**Task:**
Each entry is to be transcribed exactly, with nothing added or dropped.

**Supplied entries:**
>>
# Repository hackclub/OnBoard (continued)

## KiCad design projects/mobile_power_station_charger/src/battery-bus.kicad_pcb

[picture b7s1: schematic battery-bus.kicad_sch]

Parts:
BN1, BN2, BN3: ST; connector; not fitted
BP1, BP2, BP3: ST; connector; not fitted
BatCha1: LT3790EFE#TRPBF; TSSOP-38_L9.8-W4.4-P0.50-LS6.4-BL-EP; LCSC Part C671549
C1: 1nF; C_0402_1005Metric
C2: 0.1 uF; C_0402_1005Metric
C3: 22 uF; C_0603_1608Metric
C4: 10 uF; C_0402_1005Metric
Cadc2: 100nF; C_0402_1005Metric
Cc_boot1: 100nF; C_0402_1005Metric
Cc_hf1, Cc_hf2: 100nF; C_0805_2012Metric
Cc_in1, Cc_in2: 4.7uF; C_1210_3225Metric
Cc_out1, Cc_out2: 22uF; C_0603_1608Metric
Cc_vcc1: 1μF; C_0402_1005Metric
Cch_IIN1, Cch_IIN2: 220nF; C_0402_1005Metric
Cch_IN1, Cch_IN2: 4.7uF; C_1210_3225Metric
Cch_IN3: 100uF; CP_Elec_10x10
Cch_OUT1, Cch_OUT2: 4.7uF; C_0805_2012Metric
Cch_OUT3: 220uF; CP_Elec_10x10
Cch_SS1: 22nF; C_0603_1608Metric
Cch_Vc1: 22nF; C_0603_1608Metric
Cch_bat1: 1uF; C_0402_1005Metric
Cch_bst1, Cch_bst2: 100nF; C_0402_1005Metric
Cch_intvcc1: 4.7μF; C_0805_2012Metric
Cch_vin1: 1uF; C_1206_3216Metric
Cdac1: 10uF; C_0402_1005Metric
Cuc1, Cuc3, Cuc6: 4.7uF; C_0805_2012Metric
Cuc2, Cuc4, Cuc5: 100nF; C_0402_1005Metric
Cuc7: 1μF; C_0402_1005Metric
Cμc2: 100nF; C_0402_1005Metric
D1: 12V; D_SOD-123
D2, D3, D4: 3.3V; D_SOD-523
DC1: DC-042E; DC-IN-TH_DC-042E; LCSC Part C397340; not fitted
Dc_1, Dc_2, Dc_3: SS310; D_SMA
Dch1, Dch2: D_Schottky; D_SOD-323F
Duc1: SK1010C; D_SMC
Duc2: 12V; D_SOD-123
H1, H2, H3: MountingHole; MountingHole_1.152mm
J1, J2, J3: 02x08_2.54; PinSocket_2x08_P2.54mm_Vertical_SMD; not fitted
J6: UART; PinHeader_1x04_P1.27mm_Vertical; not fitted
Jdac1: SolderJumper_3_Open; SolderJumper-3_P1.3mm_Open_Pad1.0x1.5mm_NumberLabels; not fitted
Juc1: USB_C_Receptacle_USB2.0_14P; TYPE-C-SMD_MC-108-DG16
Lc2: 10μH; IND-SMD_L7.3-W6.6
<<
**Solved exercise:**
# Repository hackclub/OnBoard (continued)

## KiCad design projects/mobile_power_station_charger/src/battery-bus.kicad_pcb

[picture b7s1: schematic battery-bus.kicad_sch]

Parts:
BN1, BN2, BN3: ST; connector; not fitted
BP1, BP2, BP3: ST; connector; not fitted
BatCha1: LT3790EFE#TRPBF; TSSOP-38_L9.8-W4.4-P0.50-LS6.4-BL-EP; LCSC Part C671549
C1: 1nF; C_0402_1005Metric
C2: 0.1 uF; C_0402_1005Metric
C3: 22 uF; C_0603_1608Metric
C4: 10 uF; C_0402_1005Metric
Cadc2: 100nF; C_0402_1005Metric
Cc_boot1: 100nF; C_0402_1005Metric
Cc_hf1, Cc_hf2: 100nF; C_0805_2012Metric
Cc_in1, Cc_in2: 4.7uF; C_1210_3225Metric
Cc_out1, Cc_out2: 22uF; C_0603_1608Metric
Cc_vcc1: 1μF; C_0402_1005Metric
Cch_IIN1, Cch_IIN2: 220nF; C_0402_1005Metric
Cch_IN1, Cch_IN2: 4.7uF; C_1210_3225Metric
Cch_IN3: 100uF; CP_Elec_10x10
Cch_OUT1, Cch_OUT2: 4.7uF; C_0805_2012Metric
Cch_OUT3: 220uF; CP_Elec_10x10
Cch_SS1: 22nF; C_0603_1608Metric
Cch_Vc1: 22nF; C_0603_1608Metric
Cch_bat1: 1uF; C_0402_1005Metric
Cch_bst1, Cch_bst2: 100nF; C_0402_1005Metric
Cch_intvcc1: 4.7μF; C_0805_2012Metric
Cch_vin1: 1uF; C_1206_3216Metric
Cdac1: 10uF; C_0402_1005Metric
Cuc1, Cuc3, Cuc6: 4.7uF; C_0805_2012Metric
Cuc2, Cuc4, Cuc5: 100nF; C_0402_1005Metric
Cuc7: 1μF; C_0402_1005Metric
Cμc2: 100nF; C_0402_1005Metric
D1: 12V; D_SOD-123
D2, D3, D4: 3.3V; D_SOD-523
DC1: DC-042E; DC-IN-TH_DC-042E; LCSC Part C397340; not fitted
Dc_1, Dc_2, Dc_3: SS310; D_SMA
Dch1, Dch2: D_Schottky; D_SOD-323F
Duc1: SK1010C; D_SMC
Duc2: 12V; D_SOD-123
H1, H2, H3: MountingHole; MountingHole_1.152mm
J1, J2, J3: 02x08_2.54; PinSocket_2x08_P2.54mm_Vertical_SMD; not fitted
J6: UART; PinHeader_1x04_P1.27mm_Vertical; not fitted
Jdac1: SolderJumper_3_Open; SolderJumper-3_P1.3mm_Open_Pad1.0x1.5mm_NumberLabels; not fitted
Juc1: USB_C_Receptacle_USB2.0_14P; TYPE-C-SMD_MC-108-DG16
Lc2: 10μH; IND-SMD_L7.3-W6.6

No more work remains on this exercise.